Records shown:

Segment Open

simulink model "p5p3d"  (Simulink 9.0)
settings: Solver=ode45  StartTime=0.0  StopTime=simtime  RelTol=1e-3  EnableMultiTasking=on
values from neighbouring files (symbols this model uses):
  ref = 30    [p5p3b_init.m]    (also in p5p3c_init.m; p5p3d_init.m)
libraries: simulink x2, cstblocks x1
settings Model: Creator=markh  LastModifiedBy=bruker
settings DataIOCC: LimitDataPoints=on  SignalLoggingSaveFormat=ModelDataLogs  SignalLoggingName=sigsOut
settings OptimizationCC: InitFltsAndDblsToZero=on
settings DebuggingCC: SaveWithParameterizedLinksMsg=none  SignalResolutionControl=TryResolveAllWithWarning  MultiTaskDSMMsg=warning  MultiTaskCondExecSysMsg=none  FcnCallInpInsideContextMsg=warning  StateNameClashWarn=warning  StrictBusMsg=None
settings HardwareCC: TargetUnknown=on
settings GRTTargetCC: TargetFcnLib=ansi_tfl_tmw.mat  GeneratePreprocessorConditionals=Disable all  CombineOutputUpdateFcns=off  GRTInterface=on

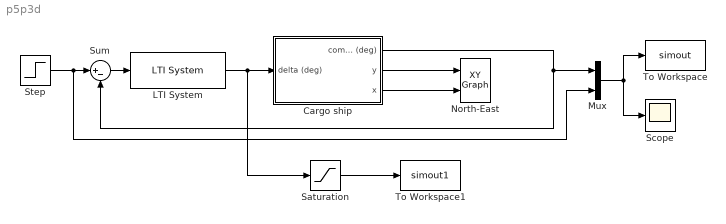
== system p5p3d ==
  Cargo ship : Subsystem  mask(Simple shipmodel for a cargo ship){noise=on, current=off, logic=on}
      mask prompts: noise "measurement noise"; logic "waves"
      mask help:
      | Measurement noise:
      | 	checked = noise on
      | 	unchecked = noise off
      |
      | Current:
      | 	checked = current on
      | 	unchecked = current off
      |
      | Waves:
      | 	checked = waves on
      | 	unchecked = waves off
      |
      | Author: Jørgen Spjøtvold, 9/10-2003
      | TTK 4115 Linear system theory.
      | Modified by Jostein Bakkeheim 26/10-2006
  LTI System : cstblocks/LTI System  sys=reg_sys  IC=[]
  Mux : Mux  Inputs=2
  North-East : simulink/Sinks/XY Graph  xmin=-5000  xmax=5000  ymin=-5000  ymax=5000  st=-1
  Saturation : Saturate  UpperLimit=45  LowerLimit=-45
  Scope : Scope
  Step : Step  Time=0  After=ref  SampleTime=0
  Sum : Sum  Inputs=|+-
  To Workspace : ToWorkspace  VariableName=simout  SaveFormat=Timeseries  SampleTime=-1
  To Workspace1 : ToWorkspace  VariableName=simout1  SaveFormat=Timeseries  SampleTime=-1
  wires:
  Cargo ship/3(x) -> North-East/2
  Cargo ship/2(y) -> North-East/1
  Cargo ship/1(compass (deg)) -> Mux/1, Sum/2
  LTI System/1 -> Saturation/1, Cargo ship/1(delta (deg))
  Step/1 -> Mux/2, Sum/1
  Sum/1 -> LTI System/1
  Mux/1 -> Scope/1, To Workspace/1
  Saturation/1 -> To Workspace1/1

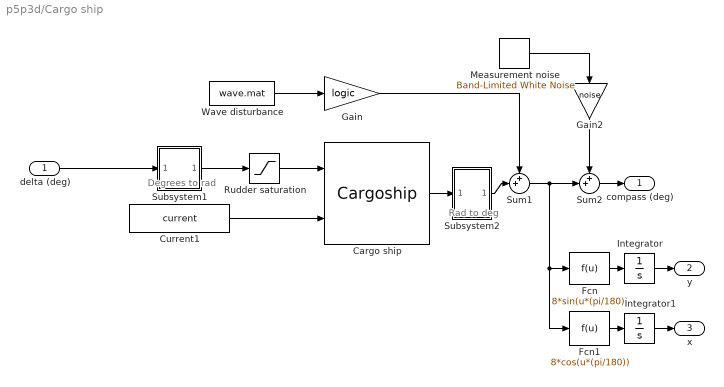
== system p5p3d/Cargo ship ==
  note: Degrees to rad
  note: Rad to deg
  delta (deg) : Inport
  Cargo ship : S-Function  FunctionName=Cargoship  SFunctionDeploymentMode=off  EnableBusSupport=off  mask(Cargo ship){}
      mask help:
      | S-function which simulates a cargo ship.
      |
      | Author: Jørgen Spjøtvold
      | 20.10-2003
      | Modified by Jostein Bakkeheim 27.10.2006
  Current1 : Constant  Value=current
  Fcn : Fcn  Expr=8*sin(u*(pi/180))
  Fcn1 : Fcn  Expr=8*cos(u*(pi/180))
  Gain : Gain  Gain=logic  SaturateOnIntegerOverflow=on  OutDataTypeStr=Inherit: Same as input  ParamDataTypeStr=Inherit: Same as input
  Gain2 : Gain  Gain=noise  SaturateOnIntegerOverflow=on  OutDataTypeStr=Inherit: Same as input  ParamDataTypeStr=Inherit: Same as input
  Integrator : Integrator
  Integrator1 : Integrator
  Measurement noise : simulink/Sources/Band-Limited White Noise  Cov=[0.001]  Ts=.5  seed=[23341]
  Rudder saturation : Saturate  UpperLimit=45*(pi/180)  LowerLimit=-45*(pi/180)
  Subsystem1 : Subsystem  mask(degrees to radians){}
      mask help: Converts degrees to radians
      mask Display: fprintf('D2R');
  Subsystem2 : Subsystem  mask(radians to degrees){}
      mask help: Converts radians to degrees
      mask Display: fprintf('R2D');
  Sum1 : Sum  Inputs=++|  SaturateOnIntegerOverflow=on
  Sum2 : Sum  Inputs=++|  SaturateOnIntegerOverflow=on
  Wave disturbance : FromFile  FileName=wave.mat  SampleTime=0
  compass (deg) : Outport
  y : Outport  Port=2
  x : Outport  Port=3
  wires:
  delta (deg)/1 -> Subsystem1/1(In1)
  Fcn/1 -> Integrator/1
  Integrator/1 -> y/1
  Fcn1/1 -> Integrator1/1
  Integrator1/1 -> x/1
  Wave disturbance/1 -> Gain/1
  Subsystem2/1(Out1) -> Sum1/2
  Gain/1 -> Sum1/1
  Sum1/1 -> Fcn/1, Fcn1/1, Sum2/2
  Cargo ship/1 -> Subsystem2/1(In1)
  Subsystem1/1(Out1) -> Rudder saturation/1
  Rudder saturation/1 -> Cargo ship/1
  Sum2/1 -> compass (deg)/1
  Measurement noise/1 -> Gain2/1
  Gain2/1 -> Sum2/1
  Current1/1 -> Cargo ship/2

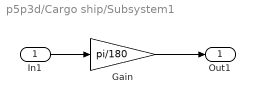
== system p5p3d/Cargo ship/Subsystem1 ==
  In1 : Inport
  Gain : Gain  Gain=pi/180  SaturateOnIntegerOverflow=on  OutDataTypeStr=Inherit: Same as input  ParamDataTypeStr=Inherit: Same as input
  Out1 : Outport
  wires:
  Gain/1 -> Out1/1
  In1/1 -> Gain/1

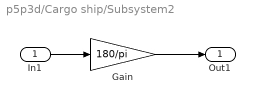
== system p5p3d/Cargo ship/Subsystem2 ==
  In1 : Inport
  Gain : Gain  Gain=180/pi  SaturateOnIntegerOverflow=on  OutDataTypeStr=Inherit: Same as input  ParamDataTypeStr=Inherit: Same as input
  Out1 : Outport
  wires:
  Gain/1 -> Out1/1
  In1/1 -> Gain/1

Segment Closed

All of the entries above should be duplicated exactly, except for the pictures.

Answer below:
simulink model "p5p3d"  (Simulink 9.0)
settings: Solver=ode45  StartTime=0.0  StopTime=simtime  RelTol=1e-3  EnableMultiTasking=on
values from neighbouring files (symbols this model uses):
  ref = 30    [p5p3b_init.m]    (also in p5p3c_init.m; p5p3d_init.m)
libraries: simulink x2, cstblocks x1
settings Model: Creator=markh  LastModifiedBy=bruker
settings DataIOCC: LimitDataPoints=on  SignalLoggingSaveFormat=ModelDataLogs  SignalLoggingName=sigsOut
settings OptimizationCC: InitFltsAndDblsToZero=on
settings DebuggingCC: SaveWithParameterizedLinksMsg=none  SignalResolutionControl=TryResolveAllWithWarning  MultiTaskDSMMsg=warning  MultiTaskCondExecSysMsg=none  FcnCallInpInsideContextMsg=warning  StateNameClashWarn=warning  StrictBusMsg=None
settings HardwareCC: TargetUnknown=on
settings GRTTargetCC: TargetFcnLib=ansi_tfl_tmw.mat  GeneratePreprocessorConditionals=Disable all  CombineOutputUpdateFcns=off  GRTInterface=on

== system p5p3d ==
  Cargo ship : Subsystem  mask(Simple shipmodel for a cargo ship){noise=on, current=off, logic=on}
      mask prompts: noise "measurement noise"; logic "waves"
      mask help:
      | Measurement noise:
      | 	checked = noise on
      | 	unchecked = noise off
      |
      | Current:
      | 	checked = current on
      | 	unchecked = current off
      |
      | Waves:
      | 	checked = waves on
      | 	unchecked = waves off
      |
      | Author: Jørgen Spjøtvold, 9/10-2003
      | TTK 4115 Linear system theory.
      | Modified by Jostein Bakkeheim 26/10-2006
  LTI System : cstblocks/LTI System  sys=reg_sys  IC=[]
  Mux : Mux  Inputs=2
  North-East : simulink/Sinks/XY Graph  xmin=-5000  xmax=5000  ymin=-5000  ymax=5000  st=-1
  Saturation : Saturate  UpperLimit=45  LowerLimit=-45
  Scope : Scope
  Step : Step  Time=0  After=ref  SampleTime=0
  Sum : Sum  Inputs=|+-
  To Workspace : ToWorkspace  VariableName=simout  SaveFormat=Timeseries  SampleTime=-1
  To Workspace1 : ToWorkspace  VariableName=simout1  SaveFormat=Timeseries  SampleTime=-1
  wires:
  Cargo ship/3(x) -> North-East/2
  Cargo ship/2(y) -> North-East/1
  Cargo ship/1(compass (deg)) -> Mux/1, Sum/2
  LTI System/1 -> Saturation/1, Cargo ship/1(delta (deg))
  Step/1 -> Mux/2, Sum/1
  Sum/1 -> LTI System/1
  Mux/1 -> Scope/1, To Workspace/1
  Saturation/1 -> To Workspace1/1

== system p5p3d/Cargo ship ==
  note: Degrees to rad
  note: Rad to deg
  delta (deg) : Inport
  Cargo ship : S-Function  FunctionName=Cargoship  SFunctionDeploymentMode=off  EnableBusSupport=off  mask(Cargo ship){}
      mask help:
      | S-function which simulates a cargo ship.
      |
      | Author: Jørgen Spjøtvold
      | 20.10-2003
      | Modified by Jostein Bakkeheim 27.10.2006
  Current1 : Constant  Value=current
  Fcn : Fcn  Expr=8*sin(u*(pi/180))
  Fcn1 : Fcn  Expr=8*cos(u*(pi/180))
  Gain : Gain  Gain=logic  SaturateOnIntegerOverflow=on  OutDataTypeStr=Inherit: Same as input  ParamDataTypeStr=Inherit: Same as input
  Gain2 : Gain  Gain=noise  SaturateOnIntegerOverflow=on  OutDataTypeStr=Inherit: Same as input  ParamDataTypeStr=Inherit: Same as input
  Integrator : Integrator
  Integrator1 : Integrator
  Measurement noise : simulink/Sources/Band-Limited White Noise  Cov=[0.001]  Ts=.5  seed=[23341]
  Rudder saturation : Saturate  UpperLimit=45*(pi/180)  LowerLimit=-45*(pi/180)
  Subsystem1 : Subsystem  mask(degrees to radians){}
      mask help: Converts degrees to radians
      mask Display: fprintf('D2R');
  Subsystem2 : Subsystem  mask(radians to degrees){}
      mask help: Converts radians to degrees
      mask Display: fprintf('R2D');
  Sum1 : Sum  Inputs=++|  SaturateOnIntegerOverflow=on
  Sum2 : Sum  Inputs=++|  SaturateOnIntegerOverflow=on
  Wave disturbance : FromFile  FileName=wave.mat  SampleTime=0
  compass (deg) : Outport
  y : Outport  Port=2
  x : Outport  Port=3
  wires:
  delta (deg)/1 -> Subsystem1/1(In1)
  Fcn/1 -> Integrator/1
  Integrator/1 -> y/1
  Fcn1/1 -> Integrator1/1
  Integrator1/1 -> x/1
  Wave disturbance/1 -> Gain/1
  Subsystem2/1(Out1) -> Sum1/2
  Gain/1 -> Sum1/1
  Sum1/1 -> Fcn/1, Fcn1/1, Sum2/2
  Cargo ship/1 -> Subsystem2/1(In1)
  Subsystem1/1(Out1) -> Rudder saturation/1
  Rudder saturation/1 -> Cargo ship/1
  Sum2/1 -> compass (deg)/1
  Measurement noise/1 -> Gain2/1
  Gain2/1 -> Sum2/1
  Current1/1 -> Cargo ship/2

== system p5p3d/Cargo ship/Subsystem1 ==
  In1 : Inport
  Gain : Gain  Gain=pi/180  SaturateOnIntegerOverflow=on  OutDataTypeStr=Inherit: Same as input  ParamDataTypeStr=Inherit: Same as input
  Out1 : Outport
  wires:
  Gain/1 -> Out1/1
  In1/1 -> Gain/1

== system p5p3d/Cargo ship/Subsystem2 ==
  In1 : Inport
  Gain : Gain  Gain=180/pi  SaturateOnIntegerOverflow=on  OutDataTypeStr=Inherit: Same as input  ParamDataTypeStr=Inherit: Same as input
  Out1 : Outport
  wires:
  Gain/1 -> Out1/1
  In1/1 -> Gain/1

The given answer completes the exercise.